The problematic statement in our example code is:
uint16_t *p16 = (uint16_t *)&val32;
"&val32" is a pointer to uint32_t. p16 is a pointer to uint16_t. Because they are different types, they are treated as non-aliasing. The fact that they obviously are aliases due to the way they are assigned is not relevant. The point of specifying the aliasing rules in C99 was to get away from the hodgepodge of unclear assumptions and heuristics, to follow just one consistent set of rules. The pointers are different types, therefore they are assumed not to alias.
Solutions
Leaving aside the contrived example which kicked off the article, how does one resolve this problem? One possible solution is the use of void or char pointers, which the compiler must treat as a potential alias of any other pointer. For complex casts of one structure to another, passing a void pointer around may be worth considering. Unfortunately pervasive use of void sacrifices most of the type checks the compiler offers, so you can have argument bugs creep in which would otherwise have been easily caught.
Another, simpler solution is to have the compiler handle aliasing more leniently. Specifying C89 mode, for example, requires the compiler to operate by the earlier language rules where any pointer could potentially alias another. Also, gcc supports a -fno-strict-aliasing flag which disables only the aggressive alias optimizations without impacting the rest of the C99 handling.
A solution which does not work is passing the pointer around, for example if we passed a pointer to val32 to printval() in the example code. In theory this would require the called routine to fetch the value from memory (side-stepping any aliasing issues), but in practice the compiler could inline printval() and use the same registered value as caused the controversy in the first place. Even worse, the problem could suddenly appear years after the code is written when the compiler is updated or compilation flags are changed resulting in different inlining behavior.

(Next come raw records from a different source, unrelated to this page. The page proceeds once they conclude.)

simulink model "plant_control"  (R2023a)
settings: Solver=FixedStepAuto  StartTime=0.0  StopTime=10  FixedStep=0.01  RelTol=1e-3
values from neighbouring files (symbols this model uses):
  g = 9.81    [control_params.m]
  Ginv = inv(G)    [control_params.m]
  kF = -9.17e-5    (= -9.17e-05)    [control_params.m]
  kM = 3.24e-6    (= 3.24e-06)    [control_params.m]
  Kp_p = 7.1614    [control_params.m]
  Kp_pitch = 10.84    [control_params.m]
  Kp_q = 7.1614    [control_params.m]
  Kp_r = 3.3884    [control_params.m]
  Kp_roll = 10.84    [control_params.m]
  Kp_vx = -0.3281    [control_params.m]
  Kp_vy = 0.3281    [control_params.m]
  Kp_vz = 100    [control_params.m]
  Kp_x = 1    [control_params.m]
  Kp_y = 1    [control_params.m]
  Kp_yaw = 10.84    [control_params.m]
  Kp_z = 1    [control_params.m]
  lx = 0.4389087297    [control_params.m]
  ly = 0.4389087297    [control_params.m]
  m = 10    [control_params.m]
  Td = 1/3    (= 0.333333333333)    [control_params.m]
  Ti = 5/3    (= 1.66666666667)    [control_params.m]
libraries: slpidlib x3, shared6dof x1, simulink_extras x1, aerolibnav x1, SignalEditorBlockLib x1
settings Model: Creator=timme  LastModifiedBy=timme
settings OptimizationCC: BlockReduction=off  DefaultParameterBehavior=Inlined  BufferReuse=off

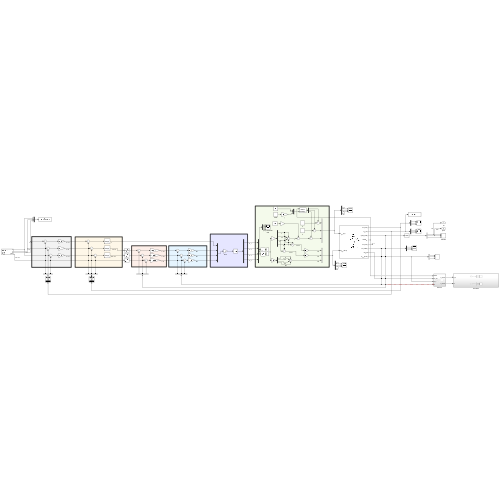
[thumbnail: Simulink's stored preview of the top-level diagram]
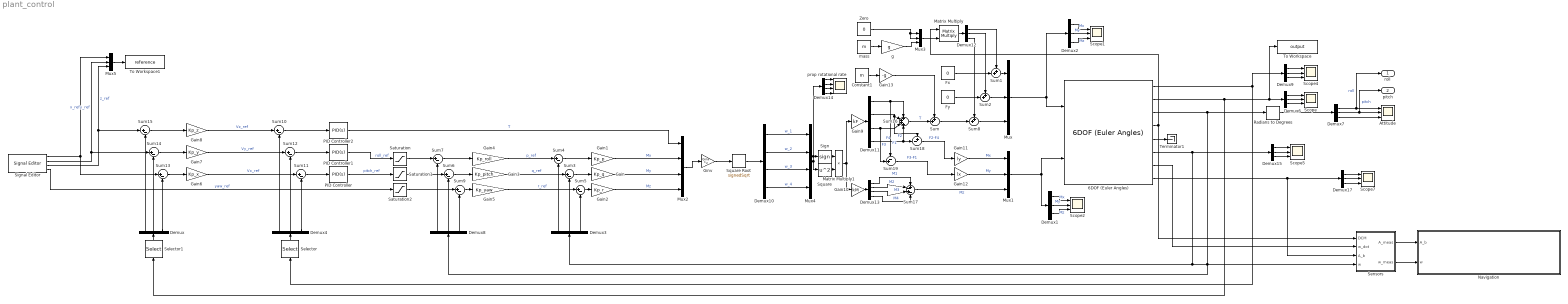
== system plant_control ==
  6DOF (Euler Angles) : shared6dof/6DOF (Euler Angles)  units=Metric (MKS)  mtype=Fixed  rep=Euler Angles  xme_0=[0 0 -1]  Vm_0=[0 0 0]  eul_0=[0 0 0]  pm_0=[0 0 0]  mass_0=m  mass_e=0.5  mass_f=2.0  inertia=I  inertia_e=eye(3)  inertia_f=2*eye(3)  k_quat=1.0  vre_flag=on  abi_flag=off  aMode=0  xme_statename=''  Vm_statename=''  eul_statename=''  quat_statename=''  pm_statename=''  mass_statename=''
  Attitude : Scope  NumInputPorts=3
  Constant1 : Constant  Value=m
  Demux{,1..4,6..9,12,15,17} (12 alike) : Demux  Outputs=3
  Demux{10..11,13..14} (4 alike) : Demux
  Fx : Constant  Value=0
  Fy : Constant  Value=0
  Gain : Gain  Gain=Kp_q
  Gain1 : Gain  Gain=Kp_p
  Gain10 : Gain  Gain=kM
  Gain11 : Gain  Gain=ly
  Gain12 : Gain  Gain=lx
  Gain13 : Gain  Gain=-g
  Gain2 : Gain  Gain=Kp_r
  Gain3 : Gain  Gain=Kp_pitch
  Gain4 : Gain  Gain=Kp_roll
  Gain5 : Gain  Gain=Kp_yaw
  Gain6 : Gain  Gain=Kp_x
  Gain7 : Gain  Gain=Kp_y
  Gain8 : Gain  Gain=Kp_z
  Gain9 : Gain  Gain=kF
  Ginv : Gain  Gain=Ginv  Multiplication=Matrix(K*u)
  Matrix Multiply : Product  Inputs=**  Multiplication=Matrix(*)
  Matrix Multiply1 : Product
  Mux{,1,3,5} (4 alike) : Mux  Inputs=3
  Mux2 : Mux
  Mux4 : Mux
  Navigation : Subsystem
  PID Controller : slpidlib/PID Controller  Controller=PID  Form=Parallel  TimeDomain=Continuous-time  UseExternalTs=off  SampleTime=-1  IntegratorMethod=Forward Euler  FilterMethod=Forward Euler  ControllerParametersSource=internal  P=Kp_vx*(1+Td/Ti)  I=Kp_vx/Ti  UseKiTs=off  D=Kp_vx*Td  N=100  UseFilter=on  TunerSelectOption=Transfer Function Based (PID Tuner App)  InitialConditionSource=internal  InitialConditionForIntegrator=0  InitialConditionForFilter=0  DifferentiatorICPrevScaledInput=0  ExternalReset=none  TrackingMode=off  Kt=1  LimitOutput=off  SatLimitsSource=internal  UpperSaturationLimit=inf  LowerSaturationLimit=-inf  LinearizeAsGain=on  AntiWindupMode=none  Kb=1  LimitIntegrator=off  UpperIntegratorSaturationLimit=inf  LowerIntegratorSaturationLimit=-inf  POutMin=[]  POutMax=[]  IOutMin=[]  IOutMax=[]  DOutMin=[]  DOutMax=[]  NOutMin=[]  NOutMax=[]  SumOutMin=[]  SumOutMax=[]  SaturationOutMin=[]  SaturationOutMax=[]  PParamMin=[]  PParamMax=[]  IParamMin=[]  IParamMax=[]  DParamMin=[]  DParamMax=[]  NParamMin=[]  NParamMax=[]  KbParamMin=[]  KbParamMax=[]  KtParamMin=[]  KtParamMax=[]  KbOutMin=[]  KbOutMax=[]  KtOutMin=[]  KtOutMax=[]  IntegratorOutMin=[]  IntegratorOutMax=[]  FilterOutMin=[]  FilterOutMax=[]  SumI1OutMin=[]  SumI1OutMax=[]  SumI2OutMin=[]  SumI2OutMax=[]  SumI3OutMin=[]  SumI3OutMax=[]  SumI4OutMin=[]  SumI4OutMax=[]  SumDOutMin=[]  SumDOutMax=[]  DifferentiatorOutMin=[]  DifferentiatorOutMax=[]  FilterDiffOutCoefMin=[]  FilterDiffOutCoefMax=[]  ReciprocalOutMin=[]  ReciprocalOutMax=[]  SumDenOutMin=[]  SumDenOutMax=[]  SumNumOutMin=[]  SumNumOutMax=[]  DivideOutMin=[]  DivideOutMax=[]  UdiffTsProdOutMin=[]  UdiffTsProdOutMax=[]  NTsProdOutMin=[]  NTsProdOutMax=[]  UintegralTsProdOutMin=[]  UintegralTsProdOutMax=[]  UngainTsProdOutMin=[]  UngainTsProdOutMax=[]  ClampingZeroOutDataTypeStr=Inherit: Inherit via back propagation  ClampingZeroOutMin=[]  ClampingZeroOutMax=[]  FilterDenConstantOutDataTypeStr=Inherit: Inherit via back propagation  FilterDenConstantOutMin=[]  FilterDenConstantOutMax=[]  PCopyOutDataTypeStr=Inherit: Inherit via back propagation  PCopyOutMin=[]  PCopyOutMax=[]  NCopyOutDataTypeStr=Inherit: Inherit via back propagation  NCopyOutMin=[]  NCopyOutMax=[]  IntegratorContinuousStateAttributes=''  IntegratorStateMustResolveToSignalObject=off  IntegratorRTWStateStorageClass=Auto  FilterContinuousStateAttributes=''  FilterStateMustResolveToSignalObject=off  FilterRTWStateStorageClass=Auto  ParallelPVariant=InternalParameters  IdealPVariant=Disabled  IVariant=InternalParameters  DVariant=InternalParameters  IntegratorVariant=Continuous  SatVariant=Disabled  AWVariant=Passthrough  PCopyVariant=Disabled  TRVariant=Disabled  FdbkBlocksVariant=Forward  IdealPFdbkVariant=Disabled  SatFdbkVariant=Disabled  DerivativeFilterVariant=ContFilter  NVariant=InternalParameters  NCopyVariant=Disabled  FilterICVariant=InternalICsFilter  IntegratorICVariant=InternalICs  ExternalResetVariant=Disabled  TRSumVariant=Passthrough  SumFdbkVariant=Disabled  SumVariant=Sum_PID  TsampFilterVariant=InternalTs  TsampNgainVariant=Passthrough  TsampIntegralVariant=Disabled_SignalSpec  ExternalSaturationOutDataTypeStr=Inherit: Same as second input
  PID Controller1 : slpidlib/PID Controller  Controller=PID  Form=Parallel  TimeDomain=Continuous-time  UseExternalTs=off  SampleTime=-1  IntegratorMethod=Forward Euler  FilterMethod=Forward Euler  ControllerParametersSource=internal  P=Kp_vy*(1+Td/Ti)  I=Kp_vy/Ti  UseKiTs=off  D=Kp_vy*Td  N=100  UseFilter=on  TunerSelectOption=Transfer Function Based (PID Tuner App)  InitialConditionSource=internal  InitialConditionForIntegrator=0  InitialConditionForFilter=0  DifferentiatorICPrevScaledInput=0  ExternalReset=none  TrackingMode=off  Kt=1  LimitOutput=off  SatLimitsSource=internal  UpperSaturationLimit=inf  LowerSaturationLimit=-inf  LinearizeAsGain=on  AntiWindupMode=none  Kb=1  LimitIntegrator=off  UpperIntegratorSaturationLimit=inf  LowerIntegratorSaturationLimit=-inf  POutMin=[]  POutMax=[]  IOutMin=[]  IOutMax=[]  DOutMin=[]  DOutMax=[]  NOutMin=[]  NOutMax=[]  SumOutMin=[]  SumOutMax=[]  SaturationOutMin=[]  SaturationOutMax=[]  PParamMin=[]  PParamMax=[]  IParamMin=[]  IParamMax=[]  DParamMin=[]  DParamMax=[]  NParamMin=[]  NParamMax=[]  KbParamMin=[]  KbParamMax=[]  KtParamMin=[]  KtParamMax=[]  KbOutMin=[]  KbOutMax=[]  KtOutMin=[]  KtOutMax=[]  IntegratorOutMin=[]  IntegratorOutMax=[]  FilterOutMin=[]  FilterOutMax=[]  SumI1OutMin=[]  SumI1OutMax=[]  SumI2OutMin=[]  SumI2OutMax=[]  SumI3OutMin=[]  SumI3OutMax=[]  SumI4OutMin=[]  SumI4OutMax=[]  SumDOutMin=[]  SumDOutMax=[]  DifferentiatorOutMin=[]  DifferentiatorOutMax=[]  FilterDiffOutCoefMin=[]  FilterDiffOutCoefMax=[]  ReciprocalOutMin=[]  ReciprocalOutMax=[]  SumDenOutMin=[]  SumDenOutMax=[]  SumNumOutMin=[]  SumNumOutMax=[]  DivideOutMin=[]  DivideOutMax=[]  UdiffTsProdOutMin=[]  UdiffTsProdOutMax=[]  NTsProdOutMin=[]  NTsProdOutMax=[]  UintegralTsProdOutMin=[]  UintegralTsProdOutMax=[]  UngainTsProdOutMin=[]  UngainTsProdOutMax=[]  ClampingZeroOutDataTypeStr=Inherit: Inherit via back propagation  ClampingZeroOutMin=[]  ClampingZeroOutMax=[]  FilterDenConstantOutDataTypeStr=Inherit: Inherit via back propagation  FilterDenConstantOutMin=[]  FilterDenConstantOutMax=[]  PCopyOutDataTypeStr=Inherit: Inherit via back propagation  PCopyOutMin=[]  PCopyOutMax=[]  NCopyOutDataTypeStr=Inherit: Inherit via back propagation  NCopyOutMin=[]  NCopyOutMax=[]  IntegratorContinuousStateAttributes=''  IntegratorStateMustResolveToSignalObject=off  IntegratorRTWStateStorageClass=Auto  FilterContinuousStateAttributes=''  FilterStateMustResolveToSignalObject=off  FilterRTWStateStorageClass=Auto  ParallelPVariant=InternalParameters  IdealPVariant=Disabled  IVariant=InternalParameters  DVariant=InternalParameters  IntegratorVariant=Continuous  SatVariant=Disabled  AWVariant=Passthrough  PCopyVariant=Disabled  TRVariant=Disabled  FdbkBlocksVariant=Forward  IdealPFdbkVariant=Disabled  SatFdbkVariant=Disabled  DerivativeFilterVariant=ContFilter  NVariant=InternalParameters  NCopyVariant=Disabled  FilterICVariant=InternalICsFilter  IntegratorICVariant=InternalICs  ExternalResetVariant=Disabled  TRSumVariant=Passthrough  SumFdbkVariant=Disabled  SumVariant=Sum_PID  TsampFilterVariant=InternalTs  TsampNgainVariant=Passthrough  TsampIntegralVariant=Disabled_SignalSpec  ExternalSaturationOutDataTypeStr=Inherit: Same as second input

In most cases where you have an existing codebase with aliasing problems, -fno-strict-aliasing is the best way to go. Aliasing bugs can be incredibly difficult to find. There is a slight performance hit to -fno-strict-aliasing in the form of additional references to memory, but in most cases it will be small as the data cache will satisfy all requests.
Update: In the comments, Lance talks about compiler warnings:
Also worth noting, compiling this bit of code with "-O2 -Wall" causes some versions of gcc to complain "warning: dereferencing type-punned pointer will break strict-aliasing rules", which can be useful when attempting to track down this type of problem. Interestingly, "-O0 -Wall" does not produce this warning because gcc only does the analysis required to detect this situation when optimizations requiring alias analysis are enabled.